After our first samples had been tested, we set to work making the needed changes – the blazers were too long, the t-shirt were too wide, the shorts were a bit too tight and the skirts needed a few extra details. The whole process was pretty difficult for me, as someone who has never worked in patternmaking or design but who has specific ideas about what the final product should look like. Luckily, our tailor Diogo was super patient and really great at showing me his methods of cutting fabric and explaining techniques like darting which really helped me understand what changes we needed to make for our final run of garments.
|Diogo in his atelier in Marche Santhiaba, Saint-Louis, Senegal|
Once Diogo and I had decided on the final changes to make to the four different pieces we are producing, he set about the production – which included transferring patterns, cutting and finally sewing over 130 metres of fabric! Needless to say, it was a look of work, so Diogo called in his friend Atou (pictured below) and they worked together to complete about 75 pieces (plus a few extra surprises!) for Madame Tay’s first range of garments.

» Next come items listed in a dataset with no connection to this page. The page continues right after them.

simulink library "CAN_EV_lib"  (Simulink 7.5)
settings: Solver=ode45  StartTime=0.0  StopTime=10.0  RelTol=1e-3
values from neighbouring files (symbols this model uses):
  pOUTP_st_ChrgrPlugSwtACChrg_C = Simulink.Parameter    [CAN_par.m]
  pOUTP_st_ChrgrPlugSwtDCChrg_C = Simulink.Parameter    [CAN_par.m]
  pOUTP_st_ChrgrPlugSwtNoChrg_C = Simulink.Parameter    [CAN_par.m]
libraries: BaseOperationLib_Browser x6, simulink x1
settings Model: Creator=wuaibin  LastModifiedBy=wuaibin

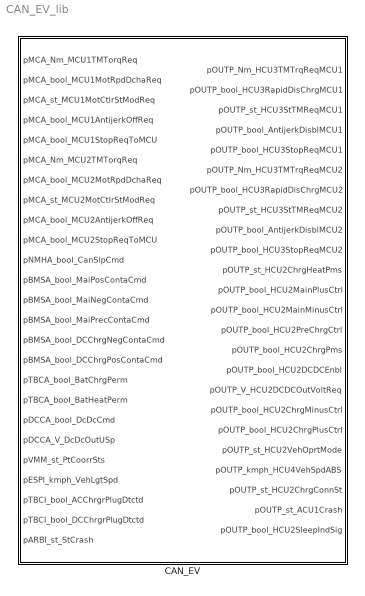
== system CAN_EV_lib ==
  CAN_EV : Subsystem

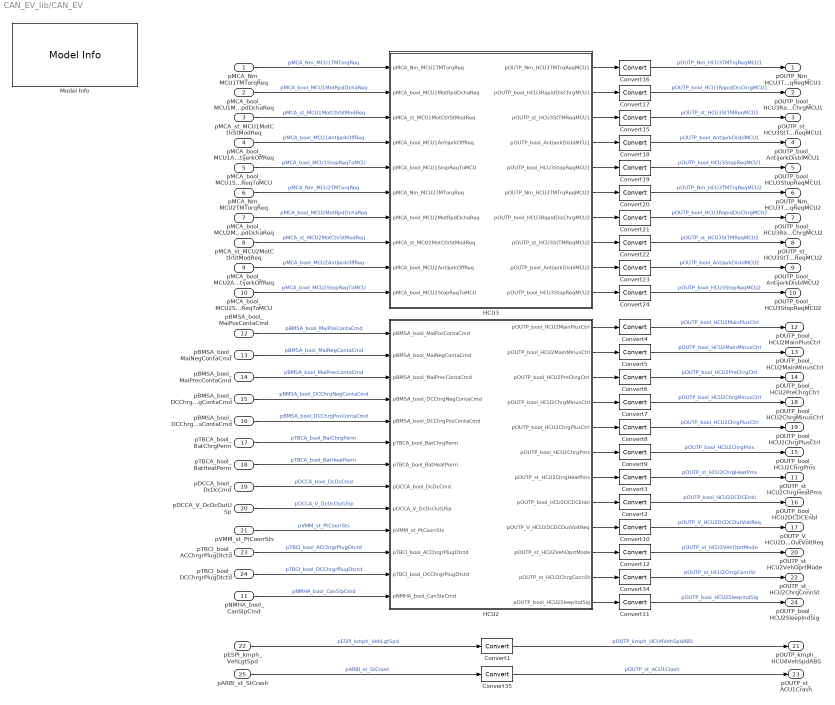
== system CAN_EV_lib/CAN_EV ==
  pMCA_Nm_MCU1TMTorqReq : Inport  OutDataType=fixdt(1, 16)  OutScaling=2^0
  pMCA_bool_MCU1MotRpdDchaReq : Inport  Port=2  OutDataType=fixdt(1, 16)  OutScaling=2^0
  pMCA_st_MCU1MotCtlrStModReq : Inport  Port=3  OutDataType=fixdt(1, 16)  OutScaling=2^0
  pMCA_bool_MCU1AntijerkOffReq : Inport  Port=4  OutDataType=fixdt(1, 16)  OutScaling=2^0
  pMCA_bool_MCU1StopReqToMCU : Inport  Port=5  OutDataType=fixdt(1, 16)  OutScaling=2^0
  pMCA_Nm_MCU2TMTorqReq : Inport  Port=6  OutDataType=fixdt(1, 16)  OutScaling=2^0
  pMCA_bool_MCU2MotRpdDchaReq : Inport  Port=7  OutDataType=fixdt(1, 16)  OutScaling=2^0
  pMCA_st_MCU2MotCtlrStModReq : Inport  Port=8  OutDataType=fixdt(1, 16)  OutScaling=2^0
  pMCA_bool_MCU2AntijerkOffReq : Inport  Port=9  OutDataType=fixdt(1, 16)  OutScaling=2^0
  pMCA_bool_MCU2StopReqToMCU : Inport  Port=10  OutDataType=fixdt(1, 16)  OutScaling=2^0
  pNMHA_bool_CanSlpCmd : Inport  Port=11  OutDataType=fixdt(1, 16)  OutScaling=2^0
  pBMSA_bool_MaiPosContaCmd : Inport  Port=12  OutDataType=fixdt(1, 16)  OutScaling=2^0
  pBMSA_bool_MaiNegContaCmd : Inport  Port=13  OutDataType=fixdt(1, 16)  OutScaling=2^0
  pBMSA_bool_MaiPrecContaCmd : Inport  Port=14  OutDataType=fixdt(1, 16)  OutScaling=2^0
  pBMSA_bool_DCChrgNegContaCmd : Inport  Port=15  OutDataType=fixdt(1, 16)  OutScaling=2^0
  pBMSA_bool_DCChrgPosContaCmd : Inport  Port=16  OutDataType=fixdt(1, 16)  OutScaling=2^0
  pTBCA_bool_BatChrgPerm : Inport  Port=17  OutDataType=fixdt(1, 16)  OutScaling=2^0
  pTBCA_bool_BatHeatPerm : Inport  Port=18  OutDataType=fixdt(1, 16)  OutScaling=2^0
  pDCCA_bool_DcDcCmd : Inport  Port=19  OutDataType=fixdt(1, 16)  OutScaling=2^0
  pDCCA_V_DcDcOutUSp : Inport  Port=20  OutDataType=fixdt(1, 16)  OutScaling=2^0
  pVMM_st_PtCoorrSts : Inport  Port=21  OutDataType=fixdt(1, 16)  OutScaling=2^0
  pESPI_kmph_VehLgtSpd : Inport  Port=22
  pTBCI_bool_ACChrgrPlugDtctd : Inport  Port=23  OutDataType=fixdt(1, 16)  OutScaling=2^0
  pTBCI_bool_DCChrgrPlugDtctd : Inport  Port=24  OutDataType=fixdt(1, 16)  OutScaling=2^0
  pARBI_st_StCrash : Inport  Port=25
  Convert{1..12,15..24,34..35} (24 alike) : DataTypeConversion  OutDataType=fixdt(1, 16)  OutScaling=2^0
  HCU2 : Subsystem
  HCU3 : Subsystem
  Model Info : simulink/Model-Wide Utilities/Model Info  SystemSampleTime=-1  InitialBlockCM=None  BlockCM=None  Frame=on  DisplayStringWithTags=Model Info\nCreated: %<Created>\nCreator: wuaibin  HorizontalTextAlignment=Center  LeftAlignmentValue=0.5  SourceBlockDiagram=HQEV_HCU  TagMaxNumber=20
  pOUTP_Nm_HCU3TMTrqReqMCU1 : Outport
  pOUTP_bool_HCU3RapidDisChrgMCU1 : Outport  Port=2
  pOUTP_st_HCU3StTMReqMCU1 : Outport  Port=3
  pOUTP_bool_AntijerkDisblMCU1 : Outport  Port=4
  pOUTP_bool_HCU3StopReqMCU1 : Outport  Port=5
  pOUTP_Nm_HCU3TMTrqReqMCU2 : Outport  Port=6
  pOUTP_bool_HCU3RapidDisChrgMCU2 : Outport  Port=7
  pOUTP_st_HCU3StTMReqMCU2 : Outport  Port=8
  pOUTP_bool_AntijerkDisblMCU2 : Outport  Port=9
  pOUTP_bool_HCU3StopReqMCU2 : Outport  Port=10
  pOUTP_st_HCU2ChrgHeatPms : Outport  Port=11  OutDataType=fixdt(1, 16)  OutScaling=2^0
  pOUTP_bool_HCU2MainPlusCtrl : Outport  Port=12  OutDataType=fixdt(1, 16)  OutScaling=2^0
  pOUTP_bool_HCU2MainMinusCtrl : Outport  Port=13  OutDataType=fixdt(1, 16)  OutScaling=2^0
  pOUTP_bool_HCU2PreChrgCtrl : Outport  Port=14  OutDataType=fixdt(1, 16)  OutScaling=2^0
  pOUTP_bool_HCU2ChrgPms : Outport  Port=15  OutDataType=fixdt(1, 16)  OutScaling=2^0
  pOUTP_bool_HCU2DCDCEnbl : Outport  Port=16  OutDataType=fixdt(1, 16)  OutScaling=2^0
  pOUTP_V_HCU2DCDCOutVoltReq : Outport  Port=17  OutDataType=fixdt(1, 16)  OutScaling=2^0
  pOUTP_bool_HCU2ChrgMinusCtrl : Outport  Port=18  OutDataType=fixdt(1, 16)  OutScaling=2^0
  pOUTP_bool_HCU2ChrgPlusCtrl : Outport  Port=19  OutDataType=fixdt(1, 16)  OutScaling=2^0
  pOUTP_st_HCU2VehOprtMode : Outport  Port=20  OutDataType=fixdt(1, 16)  OutScaling=2^0
  pOUTP_kmph_HCU4VehSpdABS : Outport  Port=21
  pOUTP_st_HCU2ChrgConnSt : Outport  Port=22  OutDataType=fixdt(1, 16)  OutScaling=2^0
  pOUTP_st_ACU1Crash : Outport  Port=23
  pOUTP_bool_HCU2SleepIndSig : Outport  Port=24  OutDataType=fixdt(1, 16)  OutScaling=2^0
  wires:
  Convert11/1 -> pOUTP_bool_HCU2SleepIndSig/1  "pOUTP_bool_HCU2SleepIndSig"
  HCU2/12(pOUTP_bool_HCU2SleepIndSig) -> Convert11/1
  pNMHA_bool_CanSlpCmd/1 -> HCU2/13(pNMHA_bool_CanSlpCmd)  "pNMHA_bool_CanSlpCmd"
  pARBI_st_StCrash/1 -> Convert35/1  "pARBI_st_StCrash"
  Convert35/1 -> pOUTP_st_ACU1Crash/1  "pOUTP_st_ACU1Crash"
  Convert24/1 -> pOUTP_bool_HCU3StopReqMCU2/1  "pOUTP_bool_HCU3StopReqMCU2"
  Convert23/1 -> pOUTP_bool_AntijerkDisblMCU2/1  "pOUTP_bool_AntijerkDisblMCU2"
  Convert22/1 -> pOUTP_st_HCU3StTMReqMCU2/1  "pOUTP_st_HCU3StTMReqMCU2"
  Convert21/1 -> pOUTP_bool_HCU3RapidDisChrgMCU2/1  "pOUTP_bool_HCU3RapidDisChrgMCU2"
  Convert20/1 -> pOUTP_Nm_HCU3TMTrqReqMCU2/1  "pOUTP_Nm_HCU3TMTrqReqMCU2"
  Convert19/1 -> pOUTP_bool_HCU3StopReqMCU1/1  "pOUTP_bool_HCU3StopReqMCU1"
  Convert18/1 -> pOUTP_bool_AntijerkDisblMCU1/1  "pOUTP_bool_AntijerkDisblMCU1"
  Convert15/1 -> pOUTP_st_HCU3StTMReqMCU1/1  "pOUTP_st_HCU3StTMReqMCU1"
  Convert17/1 -> pOUTP_bool_HCU3RapidDisChrgMCU1/1  "pOUTP_bool_HCU3RapidDisChrgMCU1"
  Convert16/1 -> pOUTP_Nm_HCU3TMTrqReqMCU1/1  "pOUTP_Nm_HCU3TMTrqReqMCU1"
  Convert12/1 -> pOUTP_st_HCU2VehOprtMode/1  "pOUTP_st_HCU2VehOprtMode"
  Convert10/1 -> pOUTP_V_HCU2DCDCOutVoltReq/1  "pOUTP_V_HCU2DCDCOutVoltReq"
  Convert9/1 -> pOUTP_bool_HCU2ChrgPms/1  "pOUTP_bool_HCU2ChrgPms"
  Convert8/1 -> pOUTP_bool_HCU2ChrgPlusCtrl/1  "pOUTP_bool_HCU2ChrgPlusCtrl"
  Convert7/1 -> pOUTP_bool_HCU2ChrgMinusCtrl/1  "pOUTP_bool_HCU2ChrgMinusCtrl"
  Convert6/1 -> pOUTP_bool_HCU2PreChrgCtrl/1  "pOUTP_bool_HCU2PreChrgCtrl"
  Convert5/1 -> pOUTP_bool_HCU2MainMinusCtrl/1  "pOUTP_bool_HCU2MainMinusCtrl"
  Convert4/1 -> pOUTP_bool_HCU2MainPlusCtrl/1  "pOUTP_bool_HCU2MainPlusCtrl"
  Convert3/1 -> pOUTP_st_HCU2ChrgHeatPms/1  "pOUTP_st_HCU2ChrgHeatPms"
  Convert2/1 -> pOUTP_bool_HCU2DCDCEnbl/1  "pOUTP_bool_HCU2DCDCEnbl"
  pTBCI_bool_DCChrgrPlugDtctd/1 -> HCU2/12(pTBCI_bool_DCChrgrPlugDtctd)  "pTBCI_bool_DCChrgrPlugDtctd"
  pTBCI_bool_ACChrgrPlugDtctd/1 -> HCU2/11(pTBCI_bool_ACChrgrPlugDtctd)  "pTBCI_bool_ACChrgrPlugDtctd"
  Convert34/1 -> pOUTP_st_HCU2ChrgConnSt/1  "pOUTP_st_HCU2ChrgConnSt"
  HCU2/11(pOUTP_st_HCU2ChrgConnSt) -> Convert34/1
  Convert1/1 -> pOUTP_kmph_HCU4VehSpdABS/1  "pOUTP_kmph_HCU4VehSpdABS"
  pESPI_kmph_VehLgtSpd/1 -> Convert1/1  "pESPI_kmph_VehLgtSpd"
  HCU2/10(pOUTP_st_HCU2VehOprtMode) -> Convert12/1
  pVMM_st_PtCoorrSts/1 -> HCU2/10(pVMM_st_PtCoorrSts)  "pVMM_st_PtCoorrSts"
  HCU3/7(pOUTP_bool_HCU3RapidDisChrgMCU2) -> Convert21/1
  HCU3/8(pOUTP_st_HCU3StTMReqMCU2) -> Convert22/1
  HCU3/9(pOUTP_bool_AntijerkDisblMCU2) -> Convert23/1
  HCU3/10(pOUTP_bool_HCU3StopReqMCU2) -> Convert24/1
  HCU3/1(pOUTP_Nm_HCU3TMTrqReqMCU1) -> Convert16/1
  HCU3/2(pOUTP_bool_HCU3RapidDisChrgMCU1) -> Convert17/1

|Atou (l) and Diogo (r) getting to work, Saint-Louis, Senegal|
|Atou and his machine, Saint-Louis, Senegal|
Diogo has an atelier in Marche Santhiaba, the big textile market in Saint-Louis, in Northern Senegal. The market is buzzing from 6am to 11pm with the sounds of sewing machines and scissors slicing through fabric. Diogo’s atelier looks onto a long, covered passageway where apprentice tailors spend hours each day looping string to make fancy embroidery for dresses and shirts - which are both really popular in Senegal for events and celebrations.
|Detail of Diogo's atelier - superman, mannequins and posters of Senegalese religious leaders|
The last part of the production was completed in Dakar, at Diogo’s family house in a suburb called Parcelles. We set up a temporary atelier with a borrowed table, a borrowed sewing machine and goats constantly sticking their heads through the window as Diogo worked.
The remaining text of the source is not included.